### Problem description
Your answer must consist solely of the line containing "- J5 pad 8: +5V -> +5V-SENSORS" and each line after it through the end of the data, copied exactly.

### Data section
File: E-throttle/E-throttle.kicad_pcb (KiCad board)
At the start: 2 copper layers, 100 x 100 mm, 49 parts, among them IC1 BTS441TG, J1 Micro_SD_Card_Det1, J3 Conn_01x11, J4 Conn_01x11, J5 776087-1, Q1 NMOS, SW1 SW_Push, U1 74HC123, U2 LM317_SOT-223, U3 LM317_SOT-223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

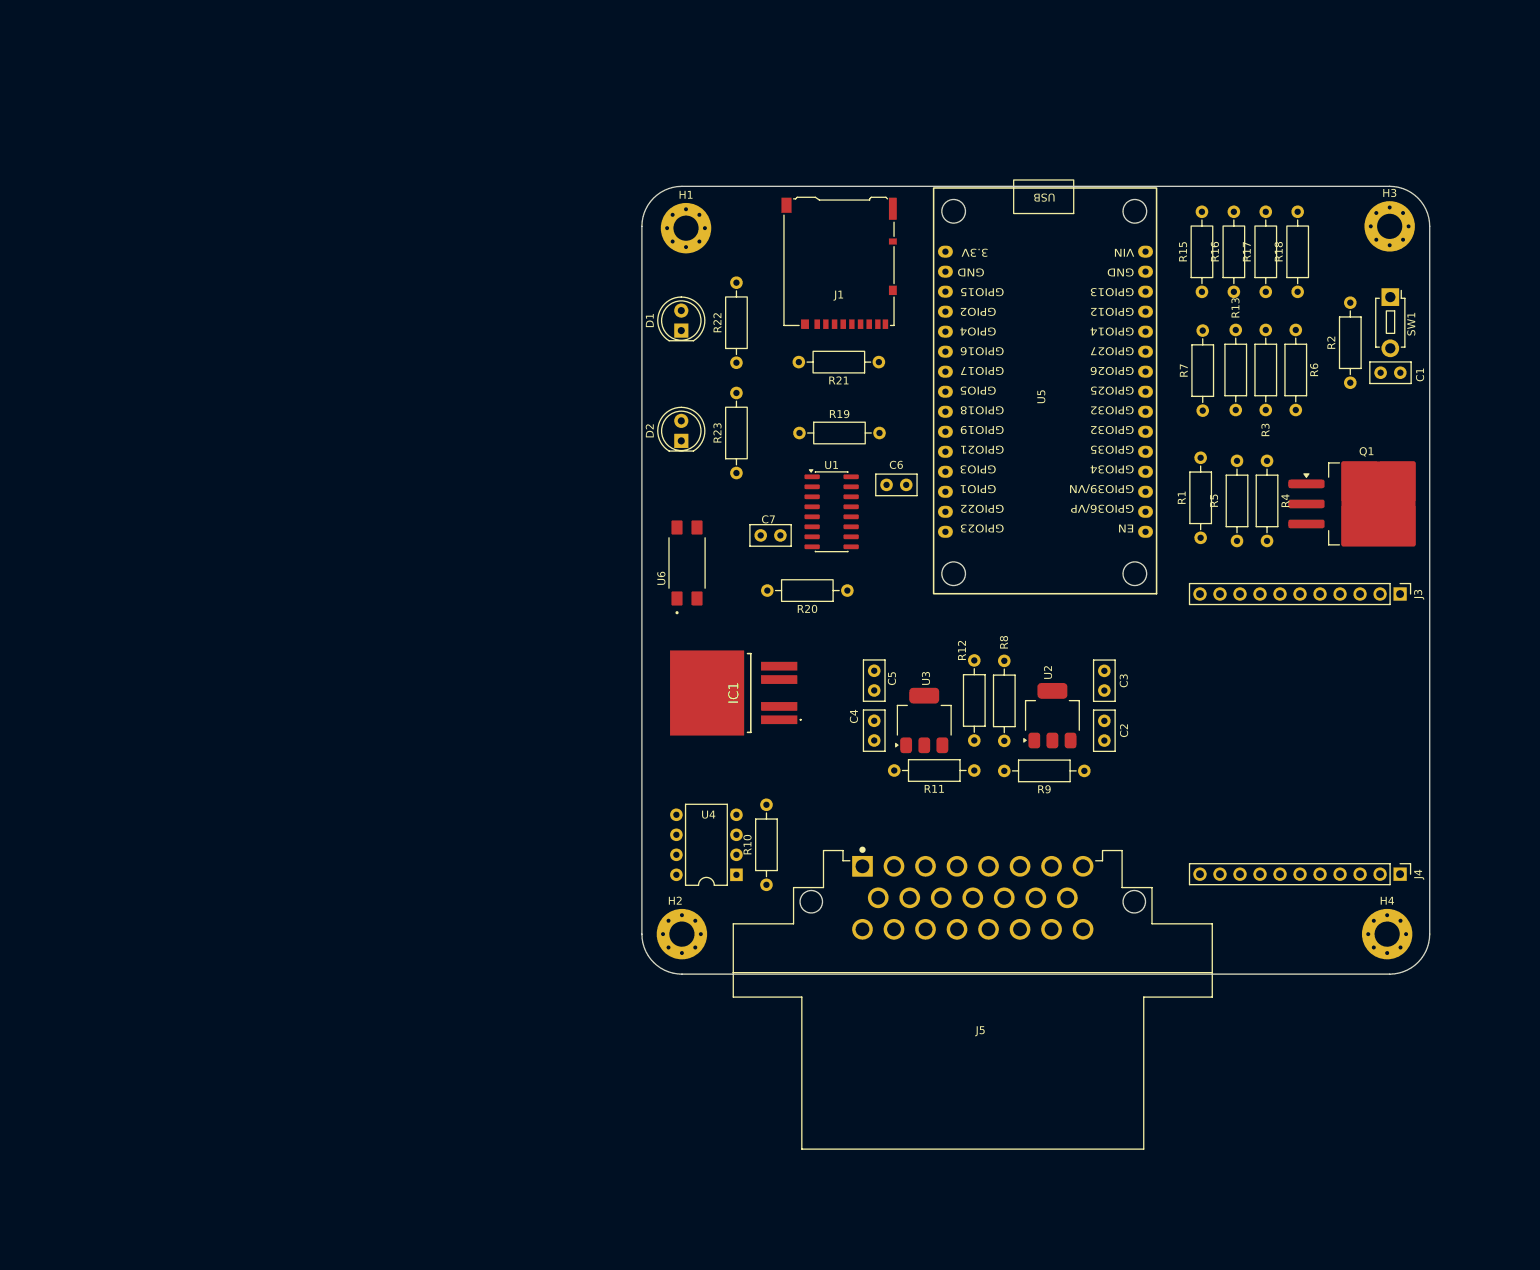
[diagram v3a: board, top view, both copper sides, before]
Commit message: Adjusted layout, added ground plane
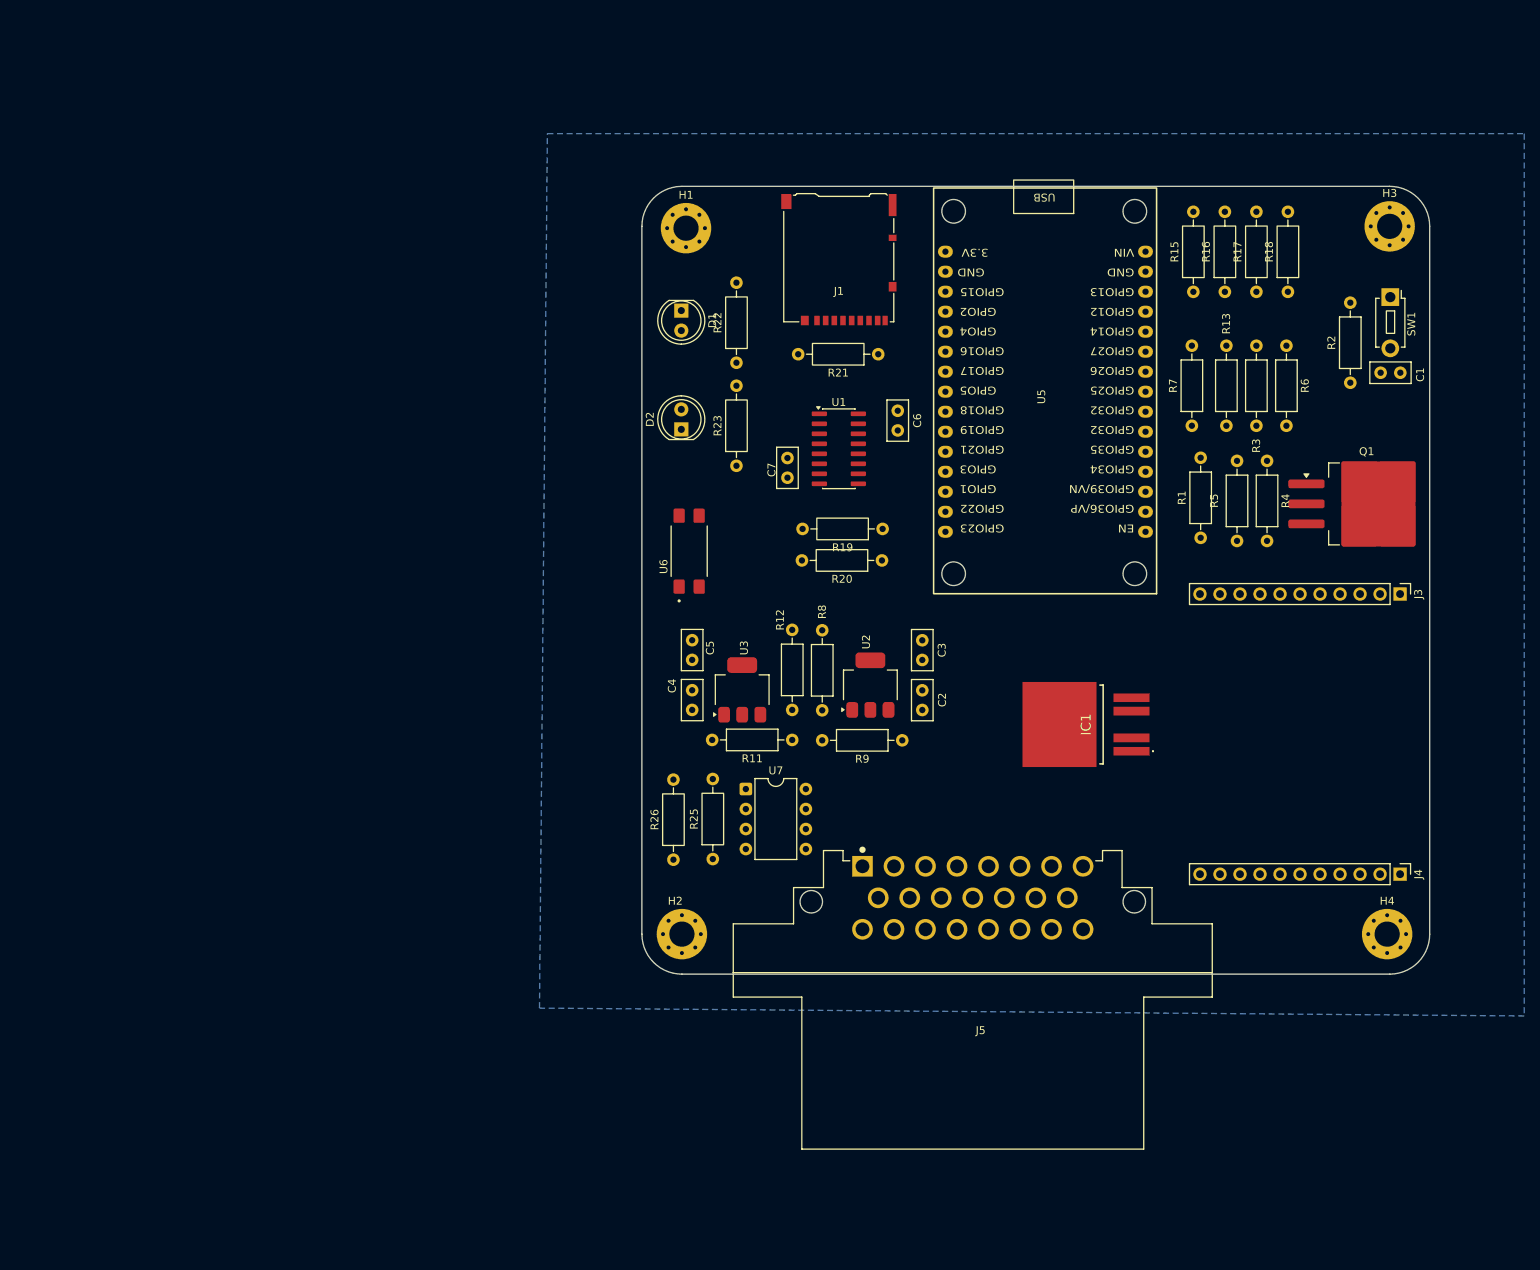
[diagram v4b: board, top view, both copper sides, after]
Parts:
- removed R10: 20k, Resistor_THT:R_Axial_DIN0207_L6.3mm_D2.5mm_P10.16mm_Horizontal
- removed U4: MCP2551-I-P, Package_DIP:DIP-8_W7.62mm
- added R25: 33.2k, Resistor_THT:R_Axial_DIN0207_L6.3mm_D2.5mm_P10.16mm_Horizontal, F.Cu at (163.7, 118.9)
- added R26: 66.5k, Resistor_THT:R_Axial_DIN0207_L6.3mm_D2.5mm_P10.16mm_Horizontal, F.Cu at (158.7, 119.0)
- added U7: MCP2561-E-P, Package_DIP:DIP-8_W7.62mm, F.Cu at (167.9, 110.0)
- moved IC1 44.9 mm to (210.4, 101.8)
- moved C4 23.4 mm to (161.1, 97.5)
- moved C5 23.4 mm to (161.1, 91.1)
- moved U2 23.4 mm to (183.7, 96.8)
- moved U3 23.4 mm to (167.4, 97.4)
- moved C2 23.4 mm to (190.3, 100.0)
- moved C3 23.4 mm to (190.3, 91.1)
- moved R11 23.4 mm to (173.8, 103.8)
- moved R12 23.4 mm to (173.8, 100.0)
- moved R8 23.4 mm to (177.6, 100.0)
- moved R9 23.4 mm to (187.8, 103.8)
- moved R19 16.1 mm to (185.3, 77.0), turned to 180 degrees
- moved C6 9.52 mm to (187.2, 62.0), turned to -90 degrees
- moved C7 8.07 mm to (173.2, 70.5), turned to 90 degrees
- moved U1 8.05 mm to (179.7, 66.8)
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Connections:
- U5 pad 10: /TPS-SIG1-OUT -> /APPS-SIG2-OUT
- U5 pad 20: unconnected-(U5-D4-Pad20) -> /IDLE
- U5 pad 21: /IDLE -> /CAN-RX-OUT
- U5 pad 22: /BLIP-OUT -> /CAN-TX
- U5 pad 7: unconnected-(U5-D26-Pad7) -> /BLIP-OUT
- U5 pad 9: /APPS-SIG2-OUT -> /TPS-SIG1-OUT
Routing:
- added copper zone on B.Cu, net GND

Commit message: arranged components
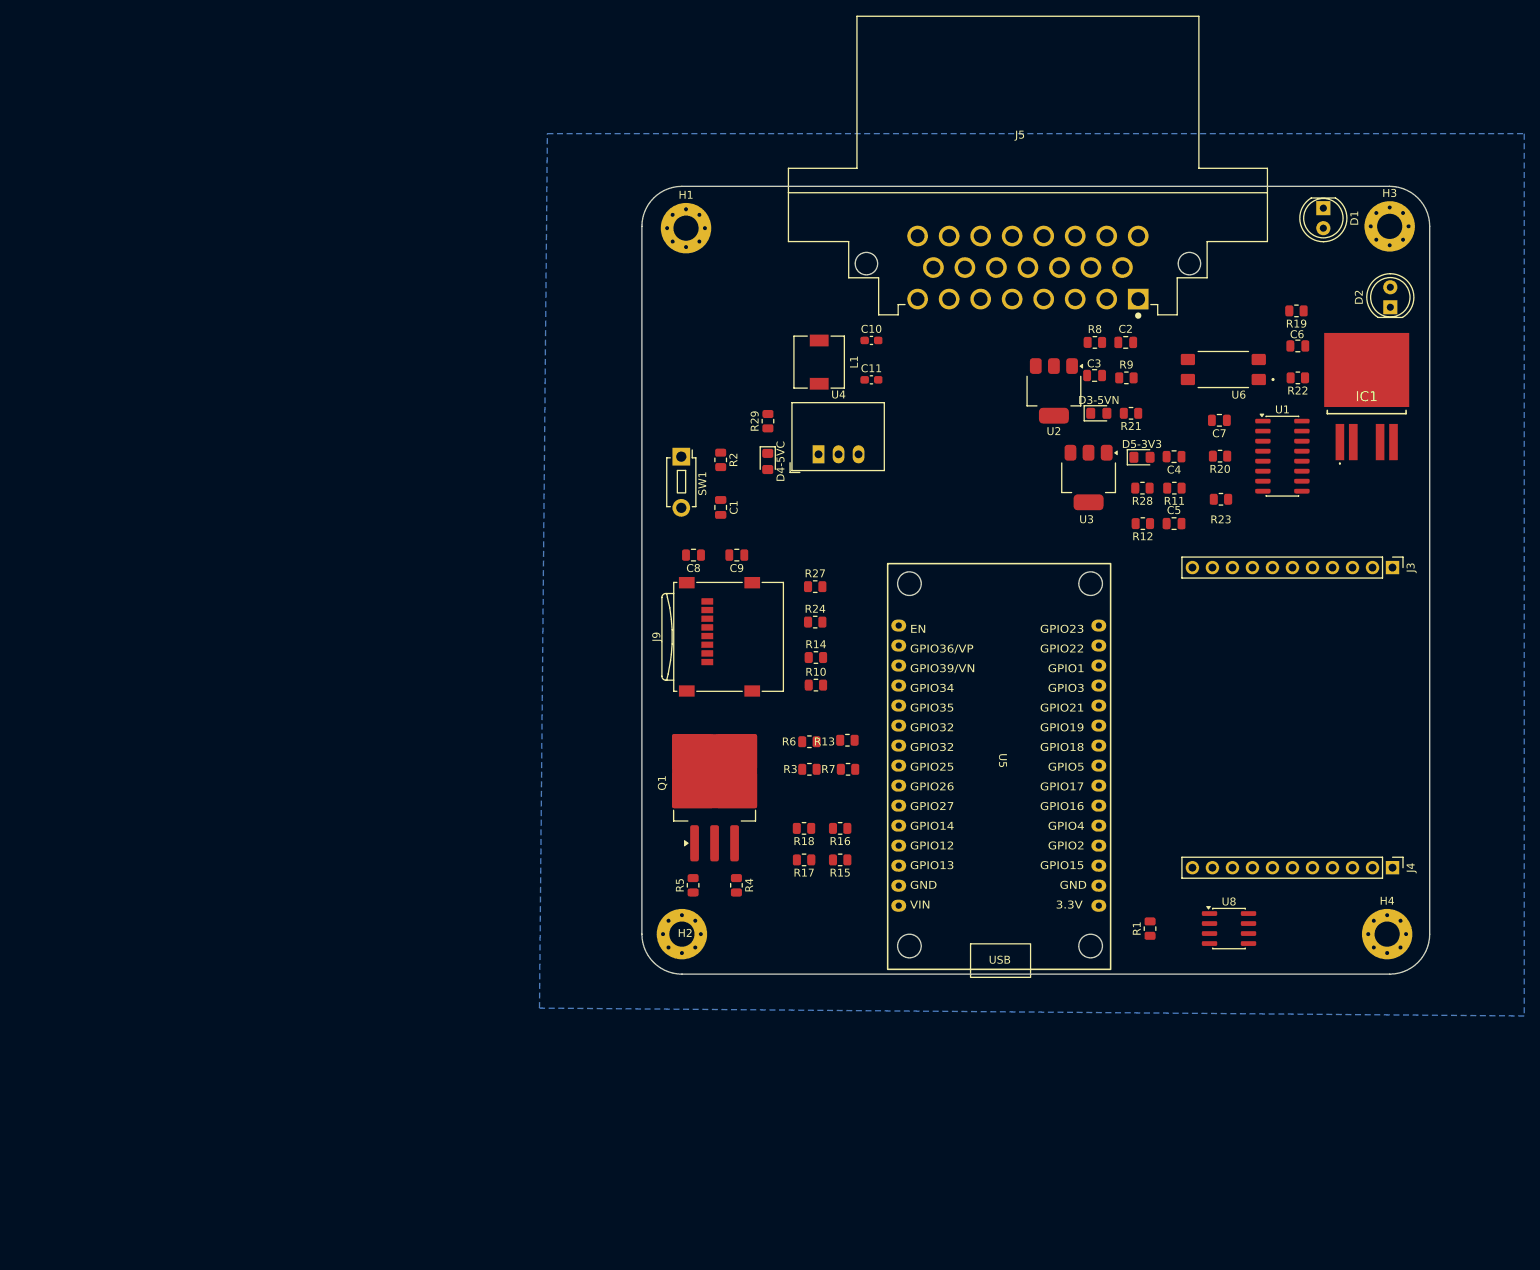
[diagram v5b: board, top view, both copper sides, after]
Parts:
- removed G***: LOGO, FBR_Footprints:FBR_Logo_.9in
- removed J1: Micro_SD_Card_Det1, Connector_Card:microSD_HC_Hirose_DM3AT-SF-PEJM5
- removed R25: 33.2k, Resistor_THT:R_Axial_DIN0207_L6.3mm_D2.5mm_P10.16mm_Horizontal
- removed R26: 66.5k, Resistor_THT:R_Axial_DIN0207_L6.3mm_D2.5mm_P10.16mm_Horizontal
- removed U7: MCP2561-E-P, Package_DIP:DIP-8_W7.62mm
- added C10: 10u, Capacitor_SMD:C_0603_1608Metric_Pad1.08x0.95mm_HandSolder, F.Cu at (183.9, 53.1)
- added C11: 4.7u, Capacitor_SMD:C_0603_1608Metric_Pad1.08x0.95mm_HandSolder, F.Cu at (183.9, 58.1)
- added C8: 100n, Capacitor_SMD:C_0805_2012Metric, F.Cu at (161.3, 80.3)
- added C9: 10u, Capacitor_SMD:C_0805_2012Metric, F.Cu at (166.8, 80.3)
- added D3-5VN: LED, LED_SMD:LED_0805_2012Metric_Pad1.15x1.40mm_HandSolder, F.Cu at (212.7, 62.3)
- added D4-5VC: LED, LED_SMD:LED_0805_2012Metric_Pad1.15x1.40mm_HandSolder, F.Cu at (170.7, 68.4)
- added D5-3V3: LED, LED_SMD:LED_0805_2012Metric_Pad1.15x1.40mm_HandSolder, F.Cu at (218.2, 67.9)
- added J9: Micro_SD_Card, Connector_Card:microSD_HC_Wuerth_693072010801, F.Cu at (164.6, 90.7)
- added L1: 12u, Inductor_SMD:L_6.3x6.3_H3, F.Cu at (177.2, 55.8)
- added R10: 10k, Resistor_SMD:R_0805_2012Metric, F.Cu at (176.8, 96.8)
- added R14: 10k, Resistor_SMD:R_0805_2012Metric, F.Cu at (176.8, 93.3)
- added R24: 10k, Resistor_SMD:R_0805_2012Metric, F.Cu at (176.7, 88.8)
- added R27: 10k, Resistor_SMD:R_0805_2012Metric, F.Cu at (176.7, 84.3)
- added R28: 100, Resistor_SMD:R_0805_2012Metric, F.Cu at (218.3, 71.8)
- added R29: 220, Resistor_SMD:R_0805_2012Metric, F.Cu at (170.7, 63.3)
- added U4: R-78E5.0-0.5, Converter_DCDC:Converter_DCDC_RECOM_R-78E-0.5_THT, F.Cu at (177.1, 67.5)
- added U8: SN65HVD230, Package_SO:SOIC-8_3.9x4.9mm_P1.27mm, F.Cu at (229.2, 127.7)
- C1, C2, C3, C4, C5, C6, C7: footprint Capacitor_THT:C_Disc_D5.0mm_W2.5mm_P2.50mm -> Capacitor_SMD:C_0805_2012Metric
- R1, R11, R12, R13, R15, R16, R17, R18, R2, R20, R22, R23, R3, R4, R5, R6, R7, R8, R9: footprint Resistor_THT:R_Axial_DIN0207_L6.3mm_D2.5mm_P10.16mm_Horizontal -> Resistor_SMD:R_0805_2012Metric
- R19: value 100k -> 10k; footprint Resistor_THT:R_Axial_DIN0207_L6.3mm_D2.5mm_P10.16mm_Horizontal -> Resistor_SMD:R_0805_2012Metric
- R21: value 10k -> 220; footprint Resistor_THT:R_Axial_DIN0207_L6.3mm_D2.5mm_P10.16mm_Horizontal -> Resistor_SMD:R_0805_2012Metric
- moved SW1 92.2 mm to (159.7, 67.8)
- moved R17 92.2 mm to (175.3, 119.0), turned to 180 degrees
- moved R18 91.7 mm to (175.3, 115.0), turned to 180 degrees
- moved D2 91.3 mm to (249.7, 48.9)
- moved Q1 90.0 mm to (163.9, 109.2), turned to 90 degrees
- moved R4 86.2 mm to (166.7, 122.2)
- moved C1 85.5 mm to (164.7, 74.3), turned to -90 degrees
- moved R15 84.9 mm to (179.9, 119.0), turned to 180 degrees
- moved R16 83.8 mm to (179.9, 115.0), turned to 180 degrees
- moved D1 82.5 mm to (241.2, 36.3)
- moved R5 81.7 mm to (161.2, 122.2)
- moved R2 80.5 mm to (164.7, 68.2), turned to -90 degrees
- moved J5 80.3 mm to (203.7, 43.8), turned to 180 degrees
- moved R6 78.7 mm to (176.0, 104.0), turned to 0 degrees
- moved U6 71.6 mm to (228.5, 56.8), turned to 180 degrees
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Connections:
- C3 pad 1: +5V -> +5V-SENSORS
- C4 pad 1: +12V -> +5V
- J5 pad 11: +5V -> +5V-SENSORS
- J5 pad 5: +5V -> +5V-SENSORS
- J5 pad 8: +5V -> +5V-SENSORS
- R21 pad 1: /CARD-DETECT -> Net-(D3-K)
- R21 pad 2: +3V3 -> GND
- R9 pad 1: +5V -> +5V-SENSORS
- U2 pad 2: +5V -> +5V-SENSORS
- U3 pad 3: +12V -> +5V
- U5 pad 21: /CAN-RX-OUT -> /CAN-TX
- U5 pad 22: /CAN-TX -> /CAN-RX
- U5 pad 29: /CARD-DETECT -> unconnected-(U5-D22/SCL-Pad29)
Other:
- board text removed: "Designed by Samuel Liu and Clement Tong, Mar 2026"

### Worked solution
- J5 pad 8: +5V -> +5V-SENSORS
- R21 pad 1: /CARD-DETECT -> Net-(D3-K)
- R21 pad 2: +3V3 -> GND
- R9 pad 1: +5V -> +5V-SENSORS
- U2 pad 2: +5V -> +5V-SENSORS
- U3 pad 3: +12V -> +5V
- U5 pad 21: /CAN-RX-OUT -> /CAN-TX
- U5 pad 22: /CAN-TX -> /CAN-RX
- U5 pad 29: /CARD-DETECT -> unconnected-(U5-D22/SCL-Pad29)
Other:
- board text removed: "Designed by Samuel Liu and Clement Tong, Mar 2026"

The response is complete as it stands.